# Sheets For The Bunk Beds - 26rs



## Markh1 (Sep 11, 2005)

Just purchased a 2003 26RS. Wife wants to put sheets on the bunks. Too hot for sleeping bags in Texas. Can you buy sheets for these odd size mattresses?


----------



## 7heaven (Jun 4, 2005)

We just purchased regular twin sheets at Wal-Mart or Target. Unless the 26RS bunks are longer than the 28RSS bunks, they should do fine.


----------



## mswalt (Sep 14, 2004)

Mark,

The grandkids use sleeping bags on the top bunks (I keep the TT so cold, you need sleeping bags); we use twin sheets for occasional use on the bottom bunks. Seem to work fine.

Mark


----------



## LarryTheOutback (Jun 15, 2005)

mswalt said:


> The grandkids use sleeping bags on the top bunks (I keep the TT so cold, you need sleeping bags[snapback]54254[/snapback]​


Our kids fell out of the top bunks with sleeping bags (nylon covered); the bags were like teflon! When we switched them to sheets and comforters they stayed stuck in the bed.
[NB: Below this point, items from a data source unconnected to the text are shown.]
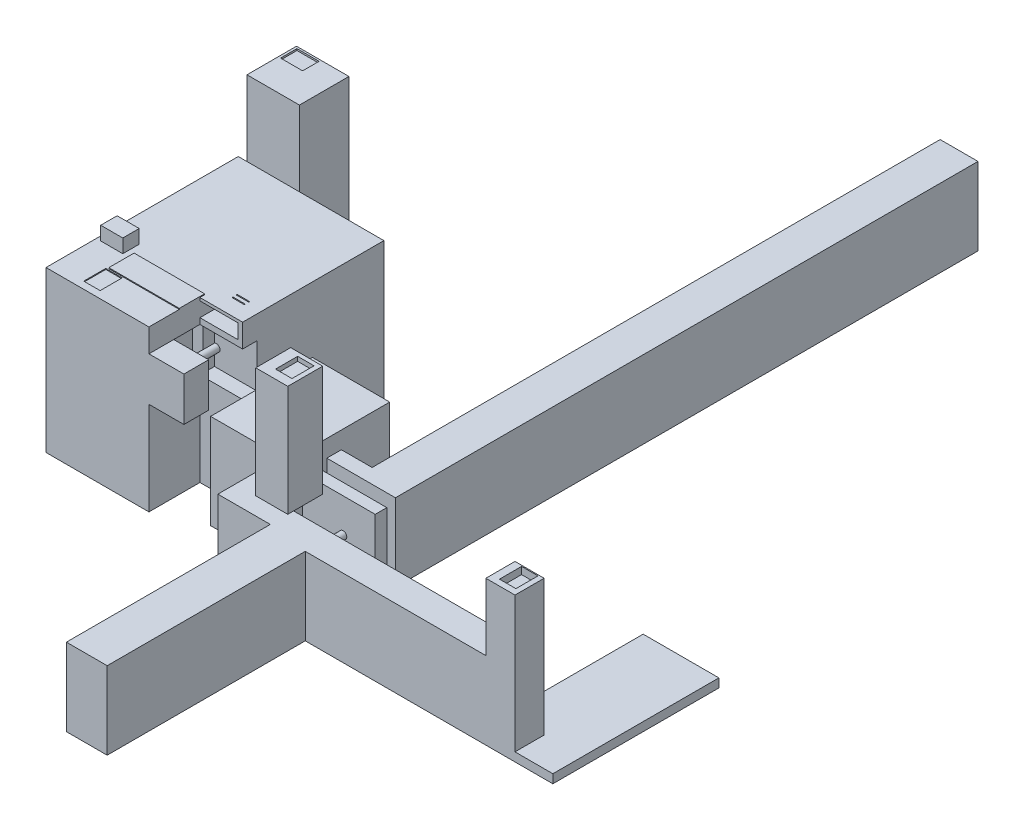
SolidWorks part; units mm, degrees
ref_plane "Front Plane" through (0, 0, 0) normal (0, 0, 1) x (1, 0, 0)
ref_plane "Top Plane" through (0, 0, 0) normal (0, 1, 0) x (1, 0, 0)
ref_plane "Right Plane" through (0, 0, 0) normal (1, 0, 0) x (0, 0, -1)
sketch "Sketch1" plane through (0, 0, 0) normal (0, 1, 0) x (1, 0, 0)
  line L1 (-250, -250) -> (250, -250)
  line L2 (-250, -250) -> (-250, 250)
  line L3 (-250, 250) -> (250, 250)
  line L4 (250, -250) -> (250, 250)
  line L5 (-250, -250) -> (250, 250) construction
  line L6 (-250, 250) -> (250, -250) construction
  point P1 (0, 0)
  dimension "D1" = 500
  dimension "D2" = 500
extrude "Boss-Extrude1" add sketch "Sketch1" along normal blind 550
sketch "Sketch2" plane through (0, 550, 0) normal (0, 1, 0) x (1, 0, 0)
  line L0 (-250, -250) -> (250, -250) construction
  line L1 (-235, -180.8) -> (-159.2, -180.8)
  line L2 (-235, -180.8) -> (-235, -237.2)
  line L3 (-235, -237.2) -> (-159.2, -237.2)
  line L4 (-159.2, -180.8) -> (-159.2, -237.2)
  line L5 (-235, -180.8) -> (-159.2, -237.2) construction
  line L6 (-235, -237.2) -> (-159.2, -180.8) construction
  line L7 (-250, 250) -> (-250, -250) construction
  point P0 (-197.1, -209)
  dimension "D1" = 12.8
  dimension "D2" = 56.4
  dimension "D3" = 15
  dimension "D4" = 75.8
extrude "Boss-Extrude2" add sketch "Sketch2" along normal blind 46.8
ref_plane "Plane1" through (0, 0, 211.7) normal (0, 0, 1) x (1, 0, 0)
ref_plane "Plane2" through (-138.6, 0, 0) normal (1, 0, 0) x (0, 0, -1)
sketch "Sketch5" plane through (-138.6, 0, 0) normal (1, 0, 0) x (0, 0, -1)
  line L5 (-250, 550) -> (-219, 550)
  line L6 (-250, 550) -> (-250, 553.15)
  line L7 (-250, 553.15) -> (-219, 553.15)
  line L8 (-219, 550) -> (-219, 553.15)
  dimension "D1" = 3.15
  dimension "D2" = 31
extrude "Boss-Extrude4" add sketch "Sketch5" along normal blind 242
sketch "Sketch6" plane through (0, 550, 0) normal (0, 1, 0) x (1, 0, 0)
  line L0 (250, -250) -> (250, 250) construction
  line L1 (103.4, -250) -> (250, -250)
  line L2 (103.4, -250) -> (103.4, -235)
  line L3 (103.4, -235) -> (250, -235)
  line L4 (250, -250) -> (250, -235)
  dimension "D1" = 15
extrude "Cut-Extrude2" cut sketch "Sketch6" against normal through all
sketch "Sketch7" plane through (0, 0, 250) normal (0, 0, 1) x (1, 0, 0)
  line L1 (-250, 550) -> (103.4, 550)
  line L2 (-250, 550) -> (-250, 0)
  line L3 (-250, 0) -> (103.4, 0)
  line L4 (103.4, 550) -> (103.4, 0)
extrude "Boss-Extrude5" add sketch "Sketch7" along normal blind 160
sketch "Sketch8" plane through (0, 0, 250) normal (0, 0, 1) x (1, 0, 0)
  line L0 (-138.6, -25.74) -> (-138.6, 25.74) construction
  line L1 (103.4, 553.15) -> (-138.6, 553.15)
  line L2 (103.4, 553.15) -> (103.4, 550)
  line L3 (103.4, 550) -> (-138.6, 550)
  line L4 (-138.6, 553.15) -> (-138.6, 550)
  line L5 (103.4, 550) -> (-138.6, 550) construction
extrude "Boss-Extrude6" add sketch "Sketch8" along normal blind 55.8
sketch "Sketch9" plane through (0, 550, 0) normal (0, 1, 0) x (1, 0, 0)
  line L0 (103.4, -410) -> (-250, -410) construction
  line L1 (-144.8, -385.8) -> (-88.4, -385.8)
  line L2 (-144.8, -385.8) -> (-144.8, -310)
  line L3 (-144.8, -310) -> (-88.4, -310)
  line L4 (-88.4, -385.8) -> (-88.4, -310)
  line L5 (-250, 250) -> (-250, -410) construction
  dimension "D1" = 24.2
  dimension "D2" = 56.4
  dimension "D3" = 75.8
  dimension "D4" = 105.2
extrude "Cut-Extrude3" cut sketch "Sketch9" against normal blind 3.25
sketch "Sketch12" plane through (0, 550, 0) normal (0, 1, 0) x (1, 0, 0)
  line L0 (250, -235) -> (250, 250) construction
  line L1 (200, -176.7) -> (160, -176.7)
  line L3 (200, -180.1) -> (160, -180.1)
  line L5 (250, -235) -> (103.4, -235) construction
  arc A0 (200, -180.1) -> (200, -176.7) centre (200, -178.4) ccw
  arc A1 (160, -176.7) -> (160, -180.1) centre (160, -178.4) ccw
  dimension "D1" = 3.4
  dimension "D3" = 40
  dimension "D4" = 50
  dimension "D5" = 56.6
extrude "Cut-Extrude6" cut sketch "Sketch12" against normal blind 10
sketch "Sketch13" plane through (0, 0, 235) normal (0, 0, 1) x (1, 0, 0)
  line L0 (103.4, 0) -> (103.4, 550) construction
  line L1 (103.4, 540) -> (233.4, 540)
  line L2 (103.4, 540) -> (103.4, 490)
  line L3 (103.4, 490) -> (233.4, 490)
  line L4 (233.4, 540) -> (233.4, 490)
  line L5 (250, 550) -> (103.4, 550) construction
  dimension "D1" = 10
  dimension "D2" = 50
  dimension "D3" = 130
extrude "Cut-Extrude7" cut sketch "Sketch13" against normal blind 130
pattern_linear "LPattern1" count 2 spacing 15 along (0, 0, -1) of "Cut-Extrude6"
sketch "Sketch14" plane through (0, 0, 235) normal (0, 0, 1) x (1, 0, 0)
  line L0 (103.4, 0) -> (103.4, 490) construction
  line L1 (103.4, 320) -> (250, 320)
  line L2 (103.4, 320) -> (103.4, 470)
  line L3 (103.4, 470) -> (250, 470)
  line L4 (250, 320) -> (250, 470)
  line L5 (250, 550) -> (103.4, 550) construction
  line L6 (250, 0) -> (250, 550) construction
  dimension "D1" = 80
  dimension "D2" = 0
  dimension "D3" = 150
extrude "Cut-Extrude8" cut sketch "Sketch14" against normal blind 50
sketch "Sketch15" plane through (250, 0, 0) normal (1, 0, 0) x (0, 0, -1)
  line L0 (-235, 0) -> (-410, 0) construction
  line L5 (-345, 0) -> (5, 0)
  line L6 (-345, 0) -> (-345, 325)
  line L7 (-345, 325) -> (5, 325)
  line L8 (5, 0) -> (5, 325)
  line L9 (-235, 0) -> (-235, 320) construction
  dimension "D1" = 325
  dimension "D2" = 110
  dimension "D3" = 350
extrude "Boss-Extrude7" add sketch "Sketch15" along normal blind 265
sketch "Sketch16" plane through (515, 0, 0) normal (1, 0, 0) x (0, 0, -1)
  line L0 (-345, 0) -> (5, 0) construction
  line L1 (-211, 0) -> (-161, 0)
  line L2 (-211, 0) -> (-211, 266.2)
  line L3 (-211, 266.2) -> (-161, 266.2)
  line L4 (-161, 0) -> (-161, 266.2)
  line L5 (5, 0) -> (5, 325) construction
  dimension "D1" = 50
  dimension "D2" = 266.2
  dimension "D3" = 216
extrude "Boss-Extrude8" add sketch "Sketch16" along normal blind 235.5
sketch "Sketch17" plane through (0, 0, 161) normal (0, 0, -1) x (-1, 0, 0)
  line L12 (-750.5, 266.2) -> (-515, 266.2) construction
  line L13 (-620.5, 266.2) -> (-750.5, 266.2)
  line L14 (-620.5, 266.2) -> (-620.5, 0)
  line L15 (-620.5, 0) -> (-750.5, 0)
  line L16 (-750.5, 266.2) -> (-750.5, 0)
  line L17 (-750.5, 0) -> (-750.5, 266.2) construction
  dimension "D1" = 130
  dimension "D2" = 0
extrude "Boss-Extrude9" add sketch "Sketch17" along normal blind 1950
sketch "Sketch18" plane through (0, 0, 345) normal (0, 0, 1) x (1, 0, 0)
  line L7 (515, 0) -> (435, 0)
  line L8 (515, 0) -> (515, 266.2)
  line L9 (515, 266.2) -> (435, 266.2)
  line L10 (435, 0) -> (435, 266.2)
  dimension "D1" = 80
extrude "Boss-Extrude10" add sketch "Sketch18" along normal blind 160
sketch "Sketch19" plane through (515, 0, 0) normal (1, 0, 0) x (0, 0, -1)
  line L0 (-505, 266.2) -> (-345, 266.2) construction
  line L1 (-425, 266.2) -> (-1205, 266.2)
  line L2 (-425, 266.2) -> (-425, 0)
  line L3 (-425, 0) -> (-1205, 0)
  line L4 (-1205, 266.2) -> (-1205, 0)
  line L5 (-505, 0) -> (-505, 266.2) construction
  dimension "D1" = 700
  dimension "D2" = 80
extrude "Boss-Extrude11" add sketch "Sketch19" along normal blind 240
sketch "Sketch20" plane through (515, 0, 0) normal (-1, 0, 0) x (0, 0, 1)
  line L0 (1205, 0) -> (505, 0) construction
  line L1 (505, 266.2) -> (1205, 266.2)
  line L2 (505, 266.2) -> (505, 0)
  line L3 (505, 0) -> (1205, 0)
  line L4 (1205, 266.2) -> (1205, 0)
extrude "Cut-Extrude9" cut sketch "Sketch20" against normal blind 100
sketch "Sketch21" plane through (755, 0, 0) normal (1, 0, 0) x (0, 0, -1)
  line L0 (-1205, 0) -> (-425, 0) construction
  line L1 (-425, 266.2) -> (-525, 266.2)
  line L2 (-425, 266.2) -> (-425, 0)
  line L3 (-425, 0) -> (-525, 0)
  line L4 (-525, 266.2) -> (-525, 0)
  dimension "D1" = 100
extrude "Boss-Extrude12" add sketch "Sketch21" along normal blind 720
sketch "Sketch22" plane through (0, 266.2, 0) normal (0, 1, 0) x (1, 0, 0)
  line L0 (1475, -525) -> (755, -525) construction
  line L1 (1475, -425) -> (1375, -425)
  line L2 (1475, -425) -> (1475, -525)
  line L3 (1475, -525) -> (1375, -525)
  line L4 (1375, -425) -> (1375, -525)
  dimension "D1" = 100
extrude "Boss-Extrude14" add sketch "Sketch22" along normal blind 230
sketch "Sketch23" plane through (0, 496.2, 0) normal (0, 1, 0) x (1, 0, 0)
  line L0 (1475, -525) -> (1475, -425) construction
  line L1 (1401.1, -428.55) -> (1457.5, -428.55)
  line L2 (1401.1, -428.55) -> (1401.1, -504.35)
  line L3 (1401.1, -504.35) -> (1457.5, -504.35)
  line L4 (1457.5, -428.55) -> (1457.5, -504.35)
  line L5 (1475, -425) -> (1375, -425) construction
  dimension "D1" = 75.8
  dimension "D2" = 56.4
  dimension "D3" = 17.5
  dimension "D4" = 3.55
extrude "Cut-Extrude10" cut sketch "Sketch23" against normal blind 24.4
sketch "Sketch24" plane through (515, 0, 0) normal (1, 0, 0) x (0, 0, -1)
  line L0 (-425, 0) -> (-211, 0) construction
  line L1 (-295, 0) -> (-255, 0)
  line L2 (-295, 0) -> (-295, 266.2)
  line L3 (-295, 266.2) -> (-255, 266.2)
  line L4 (-255, 0) -> (-255, 266.2)
  line L5 (-425, 0) -> (-425, 266.2) construction
  dimension "D1" = 130
  dimension "D2" = 40
extrude "Boss-Extrude15" add sketch "Sketch24" along normal blind 250
sketch "Sketch25" plane through (0, 0, 295) normal (0, 0, 1) x (1, 0, 0)
  line L0 (435, 0) -> (615, 0) construction
  line L1 (515, 325) -> (515, 266.2) construction
  circle A0 centre (655, 150) radius 12.5
  dimension "D1" = 25
  dimension "D2" = 150
  dimension "D3" = 140
extrude "Boss-Extrude16" add sketch "Sketch25" along normal up to next
sketch "Sketch26" plane through (0, 266.2, 0) normal (0, 1, 0) x (1, 0, 0)
  line L0 (615, -505) -> (435, -505) construction
  line L1 (505, -445) -> (615, -445)
  line L2 (505, -445) -> (505, -325)
  line L3 (505, -325) -> (615, -325)
  line L4 (615, -445) -> (615, -325)
  line L5 (435, -505) -> (435, -345) construction
  dimension "D1" = 120
  dimension "D2" = 110
  dimension "D3" = 60
  dimension "D4" = 70
extrude "Boss-Extrude22" add sketch "Sketch26" along normal blind 365.6
sketch "Sketch28" plane through (0, 631.8, 0) normal (0, 1, 0) x (1, 0, 0)
  line L0 (615, -445) -> (615, -325) construction
  line L1 (542.78, -338.9) -> (599.18, -338.9)
  line L2 (542.78, -338.9) -> (542.78, -414.7)
  line L3 (542.78, -414.7) -> (599.18, -414.7)
  line L4 (599.18, -338.9) -> (599.18, -414.7)
  line L5 (505, -445) -> (615, -445) construction
  line L7 (505, -325) -> (615, -325)
  line L8 (505, -325) -> (505, -445)
  line L9 (505, -445) -> (615, -445)
  line L10 (615, -325) -> (615, -445)
  dimension "D1" = 15.82
  dimension "D2" = 30.3
  dimension "D3" = 75.8
  dimension "D4" = 56.4
extrude "Boss-Extrude23" add sketch "Sketch28" along normal blind 15
sketch "Sketch29" plane through (103.4, 0, 0) normal (1, 0, 0) x (0, 0, -1)
  line L0 (-185, 470) -> (-185, 320) construction
  line L1 (-325, 470) -> (-225, 470)
  line L2 (-325, 470) -> (-325, 320)
  line L3 (-325, 320) -> (-225, 320)
  line L4 (-225, 470) -> (-225, 320)
  line L5 (-410, 550) -> (-305.8, 550) construction
  dimension "D1" = 40
  dimension "D2" = 100
  dimension "D3" = 150
  dimension "D4" = 80
extrude "Cut-Extrude11" cut sketch "Sketch29" against normal blind 35
sketch "Sketch30" plane through (103.4, 0, 0) normal (1, 0, 0) x (0, 0, -1)
  line L0 (-410, 0) -> (-410, 550) construction
  line L1 (-325, 470) -> (-410, 470)
  line L2 (-325, 470) -> (-325, 320)
  line L3 (-325, 320) -> (-410, 320)
  line L4 (-410, 470) -> (-410, 320)
extrude "Boss-Extrude24" add sketch "Sketch30" along normal blind 120
sketch "Sketch31" plane through (0, 0, 325) normal (0, 0, -1) x (-1, 0, 0)
  line L0 (-68.4, 320) -> (-103.4, 320) construction
  line L1 (-68.4, 470) -> (-68.4, 320) construction
  circle A0 centre (-109.9, 378.75) radius 12.5
  dimension "D3" = 25
  dimension "D1" = 58.75
  dimension "D2" = 41.5
extrude "Boss-Extrude25" add sketch "Sketch31" along normal up to next
sketch "Sketch32" plane through (0, 0, 0) normal (0, -1, 0) x (1, 0, 0)
  line L5 (1475, 525) -> (755, 525) construction
  line L6 (1365, 525) -> (1585, 525)
  line L7 (1365, 525) -> (1365, -25)
  line L8 (1365, -25) -> (1585, -25)
  line L9 (1585, 525) -> (1585, -25)
  line L10 (1475, 525) -> (1475, 425) construction
  dimension "D1" = 110
  dimension "D2" = 220
  dimension "D3" = 550
extrude "Boss-Extrude26" add sketch "Sketch32" against normal blind 30
sketch "Sketch34" plane through (0, 0, -250) normal (0, 0, -1) x (-1, 0, 0)
  line L0 (-250, 0) -> (250, 0) construction
  line L1 (40, 0) -> (220, 0)
  line L2 (40, 0) -> (40, 808)
  line L3 (40, 808) -> (220, 808)
  line L4 (220, 0) -> (220, 808)
  line L5 (250, 550) -> (250, 0) construction
  dimension "D1" = 808
  dimension "D2" = 180
  dimension "D3" = 30
extrude "Boss-Extrude28" add sketch "Sketch34" along normal blind 170
sketch "Sketch35" plane through (0, 808, 0) normal (0, 1, 0) x (1, 0, 0)
  line L0 (-220, 420) -> (-40, 420) construction
  line L1 (-136.3, 413.6) -> (-212.1, 413.6)
  line L2 (-136.3, 413.6) -> (-136.3, 357.2)
  line L3 (-136.3, 357.2) -> (-212.1, 357.2)
  line L4 (-212.1, 413.6) -> (-212.1, 357.2)
  line L5 (-220, 420) -> (-220, 250) construction
  dimension "D1" = 75.8
  dimension "D2" = 56.4
  dimension "D3" = 6.4
  dimension "D4" = 7.9
extrude "Cut-Extrude12" cut sketch "Sketch35" against normal blind 5.8
sketch "Sketch36" plane through (0, 30, 0) normal (0, 1, 0) x (1, 0, 0)
  line L0 (1365, -425) -> (1365, 25)
  line L1 (1365, 25) -> (1585, 25)
  line L2 (1585, 25) -> (1585, -525)
  line L3 (1585, -525) -> (1605, -525)
  line L4 (1605, -525) -> (1605, 45)
  line L5 (1605, 45) -> (1345, 45)
  line L6 (1345, 45) -> (1345, -425)
  line L7 (1375, -425) -> (615, -425) construction
  line L8 (1345, -425) -> (1365, -425)
  dimension "D1" = 20
  dimension "D2" = 20
  dimension "D3" = 20
extrude "Boss-Extrude29" add sketch "Sketch36" against normal blind 30

We didn't try flannel style sleeping bags.


----------



## Markh1 (Sep 11, 2005)

mswalt said:


> Mark,
> 
> The grandkids use sleeping bags on the top bunks (I keep the TT so cold, you need sleeping bags); we use twin sheets for occasional use on the bottom bunks. Seem to work fine.
> 
> ...


Thanks.


----------